What are the most important findings in this paper that support the clinical development of the drug?

• Remdesivir is the first FDA-approved, broad-spectrum nucleoside analog drug for treatment of COVID-19. However, its efficiency is disputed because of CoVs resistance to remdesivir has been identified. Importantly, this study demonstrated that molnupiravir is effective against remdesivir-resistant virus and multiple distinct zoonotic CoVs.
• Second, it proved the drug has broad-spectrum and potent antiviral activity to phylogenic distantly CoVs, although many of which have up to 20% variation in the RdRp.
• Mechanistically, the paper provides insights that molnupiravir causes excessively high error rate of viral RNA production. For example, they conducted Primer ID next generation sequencing and showed MERS-CoVviral RNA transition mutation frequency is increased during NHC treatment. With 10 μM molnupiravir, a six-fold increase in error rate resulted in a 26,000-fold decrease in virus titer.
• Additionally, molnupiravir has both prophylactic and therapeutic effects on CoVs, demonstrating by infecting the mouse model with SARS-CoV and MERS-CoV.
• Considering the safety of molnupiravir, it should not cause mutation of host genome. In order words, the molnupiravir-induced error rate should not surpass the proofreading capacity of host. To examine this, the authors extracted total lung RNA, and they targeted sequencing viral nsp10 transcript and host ISG15 transcript, which is highly expressed in response to viral infection. Genome mutation rates during replication were found excessively high in viral nsp10 gene, reaching to over 40 transitions per 10k bases. In contrast, the host ISG15 remain largely unchanged.

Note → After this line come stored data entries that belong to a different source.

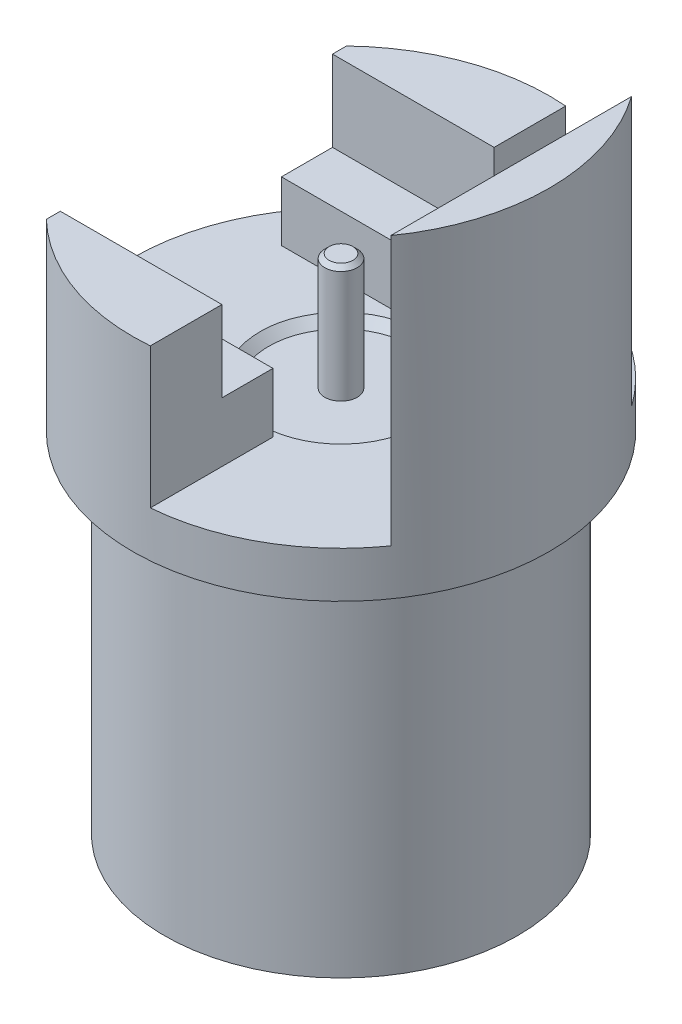
ISO-10303-21;
HEADER;
FILE_DESCRIPTION(('STEP AP214'),'2;1');
FILE_NAME('part.step','',(''),(''),'','','');
FILE_SCHEMA(('AUTOMOTIVE_DESIGN { 1 0 10303 214 1 1 1 1 }'));
ENDSEC;
DATA;
#1=APPLICATION_CONTEXT('core data for automotive mechanical design processes');
#2=APPLICATION_PROTOCOL_DEFINITION('international standard','automotive_design',2000,#1);
#3=PRODUCT_CONTEXT('',#1,'mechanical');
#4=PRODUCT('Part','Part','',(#3));
#5=PRODUCT_RELATED_PRODUCT_CATEGORY('part','',(#4));
#6=PRODUCT_DEFINITION_FORMATION('','',#4);
#7=PRODUCT_DEFINITION_CONTEXT('part definition',#1,'design');
#8=PRODUCT_DEFINITION('design','',#6,#7);
#9=PRODUCT_DEFINITION_SHAPE('','',#8);
#10=(LENGTH_UNIT() NAMED_UNIT(*) SI_UNIT(.MILLI.,.METRE.));
#11=(NAMED_UNIT(*) PLANE_ANGLE_UNIT() SI_UNIT($,.RADIAN.));
#12=(NAMED_UNIT(*) SI_UNIT($,.STERADIAN.) SOLID_ANGLE_UNIT());
#13=UNCERTAINTY_MEASURE_WITH_UNIT(LENGTH_MEASURE(1.E-05),#10,'distance_accuracy_value','');
#14=(GEOMETRIC_REPRESENTATION_CONTEXT(3) GLOBAL_UNCERTAINTY_ASSIGNED_CONTEXT((#13)) GLOBAL_UNIT_ASSIGNED_CONTEXT((#10,
#11,#12)) REPRESENTATION_CONTEXT('',''));
#15=CARTESIAN_POINT('',(0.,0.,0.));
#16=DIRECTION('',(0.,0.,1.));
#17=DIRECTION('',(1.,0.,0.));
#18=AXIS2_PLACEMENT_3D('',#15,#16,#17);
#19=CARTESIAN_POINT('',(-1.69999999999993,4.64,-2.44999999998904));
#20=DIRECTION('',(1.,0.,0.));
#21=DIRECTION('',(0.,0.,-1.));
#22=AXIS2_PLACEMENT_3D('',#19,#20,#21);
#23=PLANE('',#22);
#24=DIRECTION('',(0.,1.,0.));
#25=VECTOR('',#24,1.);
#26=CARTESIAN_POINT('',(-1.69999999999993,4.64,-1.6));
#27=LINE('',#26,#25);
#28=CARTESIAN_POINT('',(-1.69999999999993,5.34,-1.6));
#29=VERTEX_POINT('',#28);
#30=CARTESIAN_POINT('',(-1.69999999999993,6.29,-1.6));
#31=VERTEX_POINT('',#30);
#32=EDGE_CURVE('E295',#29,#31,#27,.T.);
#33=ORIENTED_EDGE('',*,*,#32,.T.);
#34=DIRECTION('',(0.,0.,-1.));
#35=VECTOR('',#34,1.);
#36=CARTESIAN_POINT('',(-1.69999999999993,6.29,-2.44999999998904));
#37=LINE('',#36,#35);
#38=CARTESIAN_POINT('',(-1.69999999999993,6.29,-1.76422787639891));
#39=VERTEX_POINT('',#38);
#40=EDGE_CURVE('E298',#31,#39,#37,.T.);
#41=ORIENTED_EDGE('',*,*,#40,.T.);
#42=DIRECTION('',(-4.24620830897646E-12,-1.,0.));
#43=VECTOR('',#42,1.);
#44=CARTESIAN_POINT('',(-1.69999999999993,1.52,-1.76422787641168));
#45=LINE('',#44,#43);
#46=CARTESIAN_POINT('',(-1.69999999999993,4.64,-1.76422787639891));
#47=VERTEX_POINT('',#46);
#48=EDGE_CURVE('E402',#39,#47,#45,.T.);
#49=ORIENTED_EDGE('',*,*,#48,.T.);
#50=DIRECTION('',(0.,0.,1.));
#51=VECTOR('',#50,1.);
#52=CARTESIAN_POINT('',(-1.69999999999993,4.64,-2.44999999998904));
#53=LINE('',#52,#51);
#54=CARTESIAN_POINT('',(-1.69999999999993,4.64,-1.));
#55=VERTEX_POINT('',#54);
#56=EDGE_CURVE('E318',#47,#55,#53,.T.);
#57=ORIENTED_EDGE('',*,*,#56,.T.);
#58=DIRECTION('',(0.,1.,0.));
#59=VECTOR('',#58,1.);
#60=CARTESIAN_POINT('',(-1.69999999999993,4.64,-1.));
#61=LINE('',#60,#59);
#62=CARTESIAN_POINT('',(-1.69999999999993,5.34,-1.));
#63=VERTEX_POINT('',#62);
#64=EDGE_CURVE('E281',#55,#63,#61,.T.);
#65=ORIENTED_EDGE('',*,*,#64,.T.);
#66=DIRECTION('',(0.,0.,-1.));
#67=VECTOR('',#66,1.);
#68=CARTESIAN_POINT('',(-1.69999999999993,5.34,-2.44999999998904));
#69=LINE('',#68,#67);
#70=EDGE_CURVE('E291',#63,#29,#69,.T.);
#71=ORIENTED_EDGE('',*,*,#70,.T.);
#72=EDGE_LOOP('',(#33,#41,#49,#57,#65,#71));
#73=FACE_BOUND('',#72,.T.);
#74=ADVANCED_FACE('F44',(#73),#23,.F.);
#75=CARTESIAN_POINT('',(0.,1.52,0.));
#76=DIRECTION('',(-4.24620830897646E-12,-1.,0.));
#77=DIRECTION('',(1.,-4.24620830897646E-12,0.));
#78=AXIS2_PLACEMENT_3D('',#75,#76,#77);
#79=CYLINDRICAL_SURFACE('',#78,0.43499999999397);
#80=CARTESIAN_POINT('',(5.39268455240795E-12,2.79000000000185,0.));
#81=DIRECTION('',(-4.24620830897646E-12,-1.,0.));
#82=DIRECTION('',(1.,-4.24620830897646E-12,0.));
#83=AXIS2_PLACEMENT_3D('',#80,#81,#82);
#84=CIRCLE('',#83,0.434999999994607);
#85=CARTESIAN_POINT('',(0.435,2.79,0.));
#86=VERTEX_POINT('',#85);
#87=EDGE_CURVE('E310',#86,#86,#84,.T.);
#88=ORIENTED_EDGE('',*,*,#87,.T.);
#89=EDGE_LOOP('',(#88));
#90=FACE_BOUND('',#89,.T.);
#91=CARTESIAN_POINT('',(6.66654704510089E-12,3.09000000000185,0.));
#92=DIRECTION('',(-4.24620830897646E-12,-1.,0.));
#93=DIRECTION('',(1.,-4.24620830897646E-12,0.));
#94=AXIS2_PLACEMENT_3D('',#91,#92,#93);
#95=CIRCLE('',#94,0.434999999993333);
#96=CARTESIAN_POINT('',(0.435,3.09,0.));
#97=VERTEX_POINT('',#96);
#98=EDGE_CURVE('E392',#97,#97,#95,.T.);
#99=ORIENTED_EDGE('',*,*,#98,.F.);
#100=EDGE_LOOP('',(#99));
#101=FACE_BOUND('',#100,.T.);
#102=ADVANCED_FACE('F46',(#90,#101),#79,.F.);
#103=CARTESIAN_POINT('',(0.435,3.08999999999948,0.));
#104=DIRECTION('',(-4.24620830897646E-12,-1.,0.));
#105=DIRECTION('',(1.,-4.24620830897646E-12,0.));
#106=AXIS2_PLACEMENT_3D('',#103,#104,#105);
#107=PLANE('',#106);
#108=ORIENTED_EDGE('',*,*,#98,.T.);
#109=EDGE_LOOP('',(#108));
#110=FACE_BOUND('',#109,.T.);
#111=CARTESIAN_POINT('',(6.66654704509647E-12,3.09000000000081,0.));
#112=DIRECTION('',(-4.24620830897646E-12,-1.,0.));
#113=DIRECTION('',(1.,-4.24620830897646E-12,0.));
#114=AXIS2_PLACEMENT_3D('',#111,#112,#113);
#115=CIRCLE('',#114,0.189999999993333);
#116=CARTESIAN_POINT('',(0.19,3.09,0.));
#117=VERTEX_POINT('',#116);
#118=EDGE_CURVE('E388',#117,#117,#115,.T.);
#119=ORIENTED_EDGE('',*,*,#118,.F.);
#120=EDGE_LOOP('',(#119));
#121=FACE_BOUND('',#120,.T.);
#122=ADVANCED_FACE('F234',(#110,#121),#107,.T.);
#123=CARTESIAN_POINT('',(0.,1.52,0.));
#124=DIRECTION('',(-4.24620830897646E-12,-1.,0.));
#125=DIRECTION('',(1.,-4.24620830897646E-12,0.));
#126=AXIS2_PLACEMENT_3D('',#123,#124,#125);
#127=CYLINDRICAL_SURFACE('',#126,0.189999999996263);
#128=ORIENTED_EDGE('',*,*,#118,.T.);
#129=EDGE_LOOP('',(#128));
#130=FACE_BOUND('',#129,.T.);
#131=CARTESIAN_POINT('',(8.06779578708953E-13,1.71000000000081,0.));
#132=DIRECTION('',(-4.24620830897646E-12,-1.,0.));
#133=DIRECTION('',(1.,-4.24620830897646E-12,0.));
#134=AXIS2_PLACEMENT_3D('',#131,#132,#133);
#135=CIRCLE('',#134,0.189999999999193);
#136=CARTESIAN_POINT('',(0.19,1.71,0.));
#137=VERTEX_POINT('',#136);
#138=EDGE_CURVE('E384',#137,#137,#135,.T.);
#139=ORIENTED_EDGE('',*,*,#138,.F.);
#140=EDGE_LOOP('',(#139));
#141=FACE_BOUND('',#140,.T.);
#142=ADVANCED_FACE('F231',(#130,#141),#127,.T.);
#143=CARTESIAN_POINT('',(0.,1.71,0.));
#144=DIRECTION('',(-4.24620830897646E-12,-1.,0.));
#145=DIRECTION('',(1.,-4.24620830897646E-12,0.));
#146=AXIS2_PLACEMENT_3D('',#143,#144,#145);
#147=SPHERICAL_SURFACE('',#146,0.19);
#148=ORIENTED_EDGE('',*,*,#138,.T.);
#149=EDGE_LOOP('',(#148));
#150=FACE_BOUND('',#149,.T.);
#151=ADVANCED_FACE('F227',(#150),#147,.T.);
#152=CARTESIAN_POINT('',(1.86408544764074E-11,5.91000000000017,0.));
#153=DIRECTION('',(4.24620830897646E-12,1.,0.));
#154=DIRECTION('',(-1.,4.24620830897646E-12,0.));
#155=AXIS2_PLACEMENT_3D('',#152,#153,#154);
#156=PLANE('',#155);
#157=CARTESIAN_POINT('',(1.86408544764086E-11,5.91000000000045,0.));
#158=DIRECTION('',(-4.24620830897646E-12,-1.,0.));
#159=DIRECTION('',(1.,-4.24620830897646E-12,0.));
#160=AXIS2_PLACEMENT_3D('',#157,#158,#159);
#161=CIRCLE('',#160,0.139999999981213);
#162=CARTESIAN_POINT('',(0.139999999999854,5.90999999999985,0.));
#163=VERTEX_POINT('',#162);
#164=EDGE_CURVE('E380',#163,#163,#161,.T.);
#165=ORIENTED_EDGE('',*,*,#164,.F.);
#166=EDGE_LOOP('',(#165));
#167=FACE_BOUND('',#166,.T.);
#168=ADVANCED_FACE('F223',(#167),#156,.T.);
#169=CARTESIAN_POINT('',(1.84285440609613E-11,5.86000000000081,0.));
#170=DIRECTION('',(-4.24620830897646E-12,-1.,0.));
#171=DIRECTION('',(1.,-4.24620830897646E-12,0.));
#172=AXIS2_PLACEMENT_3D('',#169,#170,#171);
#173=CONICAL_SURFACE('',#172,0.189999999981571,0.78539816340464);
#174=ORIENTED_EDGE('',*,*,#164,.T.);
#175=EDGE_LOOP('',(#174));
#176=FACE_BOUND('',#175,.T.);
#177=CARTESIAN_POINT('',(1.84285440609613E-11,5.86000000000081,0.));
#178=DIRECTION('',(-4.24620830897646E-12,-1.,0.));
#179=DIRECTION('',(1.,-4.24620830897646E-12,0.));
#180=AXIS2_PLACEMENT_3D('',#177,#178,#179);
#181=CIRCLE('',#180,0.189999999981571);
#182=CARTESIAN_POINT('',(0.19,5.86,0.));
#183=VERTEX_POINT('',#182);
#184=EDGE_CURVE('E376',#183,#183,#181,.T.);
#185=ORIENTED_EDGE('',*,*,#184,.F.);
#186=EDGE_LOOP('',(#185));
#187=FACE_BOUND('',#186,.T.);
#188=ADVANCED_FACE('F219',(#176,#187),#173,.T.);
#189=CARTESIAN_POINT('',(0.,1.52,0.));
#190=DIRECTION('',(-4.24620830897646E-12,-1.,0.));
#191=DIRECTION('',(1.,-4.24620830897646E-12,0.));
#192=AXIS2_PLACEMENT_3D('',#189,#190,#191);
#193=CYLINDRICAL_SURFACE('',#192,0.189999999984374);
#194=ORIENTED_EDGE('',*,*,#184,.T.);
#195=EDGE_LOOP('',(#194));
#196=FACE_BOUND('',#195,.T.);
#197=CARTESIAN_POINT('',(1.28235490931123E-11,4.54000000000081,0.));
#198=DIRECTION('',(-4.24620830897646E-12,-1.,0.));
#199=DIRECTION('',(1.,-4.24620830897646E-12,0.));
#200=AXIS2_PLACEMENT_3D('',#197,#198,#199);
#201=CIRCLE('',#200,0.189999999987176);
#202=CARTESIAN_POINT('',(0.19,4.54,0.));
#203=VERTEX_POINT('',#202);
#204=EDGE_CURVE('E372',#203,#203,#201,.T.);
#205=ORIENTED_EDGE('',*,*,#204,.F.);
#206=EDGE_LOOP('',(#205));
#207=FACE_BOUND('',#206,.T.);
#208=ADVANCED_FACE('F215',(#196,#207),#193,.T.);
#209=CARTESIAN_POINT('',(0.19,4.5400000000014,0.));
#210=DIRECTION('',(4.24620830897646E-12,1.,0.));
#211=DIRECTION('',(-1.,4.24620830897646E-12,0.));
#212=AXIS2_PLACEMENT_3D('',#209,#210,#211);
#213=PLANE('',#212);
#214=ORIENTED_EDGE('',*,*,#204,.T.);
#215=EDGE_LOOP('',(#214));
#216=FACE_BOUND('',#215,.T.);
#217=CARTESIAN_POINT('',(1.28235490931242E-11,4.54000000000361,0.));
#218=DIRECTION('',(-4.24620830897646E-12,-1.,0.));
#219=DIRECTION('',(1.,-4.24620830897646E-12,0.));
#220=AXIS2_PLACEMENT_3D('',#217,#218,#219);
#221=CIRCLE('',#220,0.849999999987356);
#222=CARTESIAN_POINT('',(0.85000000000018,4.54,0.));
#223=VERTEX_POINT('',#222);
#224=EDGE_CURVE('E189',#223,#223,#221,.T.);
#225=ORIENTED_EDGE('',*,*,#224,.F.);
#226=EDGE_LOOP('',(#225));
#227=FACE_BOUND('',#226,.T.);
#228=ADVANCED_FACE('F210',(#216,#227),#213,.T.);
#229=CARTESIAN_POINT('',(1.32481699240237E-11,4.64000000000403,0.));
#230=DIRECTION('',(4.24620830897646E-12,1.,0.));
#231=DIRECTION('',(-1.,4.24620830897646E-12,0.));
#232=AXIS2_PLACEMENT_3D('',#229,#230,#231);
#233=CONICAL_SURFACE('',#232,0.949999999986862,0.78539816339285);
#234=ORIENTED_EDGE('',*,*,#224,.T.);
#235=EDGE_LOOP('',(#234));
#236=FACE_BOUND('',#235,.T.);
#237=CARTESIAN_POINT('',(1.32481699240237E-11,4.64000000000403,0.));
#238=DIRECTION('',(-4.24620830897646E-12,-1.,0.));
#239=DIRECTION('',(1.,-4.24620830897646E-12,0.));
#240=AXIS2_PLACEMENT_3D('',#237,#238,#239);
#241=CIRCLE('',#240,0.949999999986862);
#242=CARTESIAN_POINT('',(-0.930896385028714,4.64000000000001,-0.190000067025787));
#243=VERTEX_POINT('',#242);
#244=CARTESIAN_POINT('',(-0.930851980299921,4.63999999994953,0.189999988622163));
#245=VERTEX_POINT('',#244);
#246=EDGE_CURVE('E183',#243,#245,#241,.T.);
#247=ORIENTED_EDGE('',*,*,#246,.F.);
#248=CARTESIAN_POINT('',(0.,4.64,0.95));
#249=CARTESIAN_POINT('',(-0.188680468157453,4.64,0.95));
#250=CARTESIAN_POINT('',(-0.363549260746835,4.64,0.877685555885722));
#251=CARTESIAN_POINT('',(-0.537665324730369,4.64,0.805682391731092));
#252=CARTESIAN_POINT('',(-0.67175144212722,4.64,0.67175144212722));
#253=CARTESIAN_POINT('',(-0.80505929192317,4.64,0.538597859493607));
#254=CARTESIAN_POINT('',(-0.877685555885722,4.64,0.363549260746835));
#255=CARTESIAN_POINT('',(-0.949890279801376,4.64,0.189516685549937));
#256=CARTESIAN_POINT('',(-0.95,4.64,0.));
#257=CARTESIAN_POINT('',(-0.95010908335659,4.64,-0.188416685795714));
#258=CARTESIAN_POINT('',(-0.877685555885722,4.64,-0.363549260746835));
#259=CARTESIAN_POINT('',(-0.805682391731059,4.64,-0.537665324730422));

Describe the main benefits and concerns surrounding the use of Molnupiravir in SARS-CoV-2 infected patients.

Benefits:

• Like other broad-spectrum, nucleoside analog antiviral drugs, molnupiravir targets viral polymerases but does not terminate RNA chain elongation. Therefore, molnupiravir can circumvent exonucleolytic proofreading that can remove misincorporated nucleotides from the nascent RNA 3’ end (2).
• Different from FDA-proved remdesivir, molnupiravir incorporation does not cause RdRp to stall.
• It is an orally bioavailable prodrug.
• The effectiveness is robust to many CoV RdRp proteins with variations.

Concerns:

• The study only tested the drug efficiency against SARS-CoV-2 in vitro in human lung epithelial cell or human airway epithelial cells. MERS-CoV in vivo infection experiments were conducted with genetically modified mice encoding a murine DPP4 receptor encoding two human residues at positions 288 and 330 (humanized DPP4 (hDPP4) 288/330 mice). However, testing SARS-CoV-2 in mouse model is still challenging because mouse ACE2 receptor is not compatible.
• The onsets of symptom are different between the mouse model and human. Therefore, the window in when to treat COVID-19 patients before peak virus replication requires more clinic experience.
• SARS-CoV, MERS-CoV, and SARS-CoV-2 disease severity increases with increasing age. This study has limitations in lacking aged mouse models that can recapitulate the age-specific pathogenesis as observed in aging human.

List of references

1. Zhao Y, He G, Huang W. 2021. A novel model of molnupiravir against SARS-CoV-2 replication: accumulated RNA mutations to induce error catastrophe. 1. Sig Transduct Target Ther 6:1–3.
2. Kabinger F, Stiller C, Schmitzová J, Dienemann C, Kokic G, Hillen HS, Höbartner C, Cramer P. 2021. Mechanism of molnupiravir-induced SARS-CoV-2 mutagenesis. 9. Nat Struct Mol Biol 28:740–746.
3. Sheahan TP, Sims AC, Zhou S, Graham RL, Pruijssers AJ, Agostini ML, Leist SR, Schäfer A, Dinnon KH, Stevens LJ, Chappell JD, Lu X, Hughes TM, George AS, Hill CS, Montgomery SA, Brown AJ, Bluemling GR, Natchus MG, Saindane M, Kolykhalov AA, Painter G, Harcourt J, Tamin A, Thornburg NJ, Swanstrom R, Denison MR, Baric RS. 2020. An orally bioavailable broad-spectrum antiviral inhibits SARS-CoV-2 in human airway epithelial cell cultures and multiple coronaviruses in mice. Science Translational Medicine 12:eabb5883.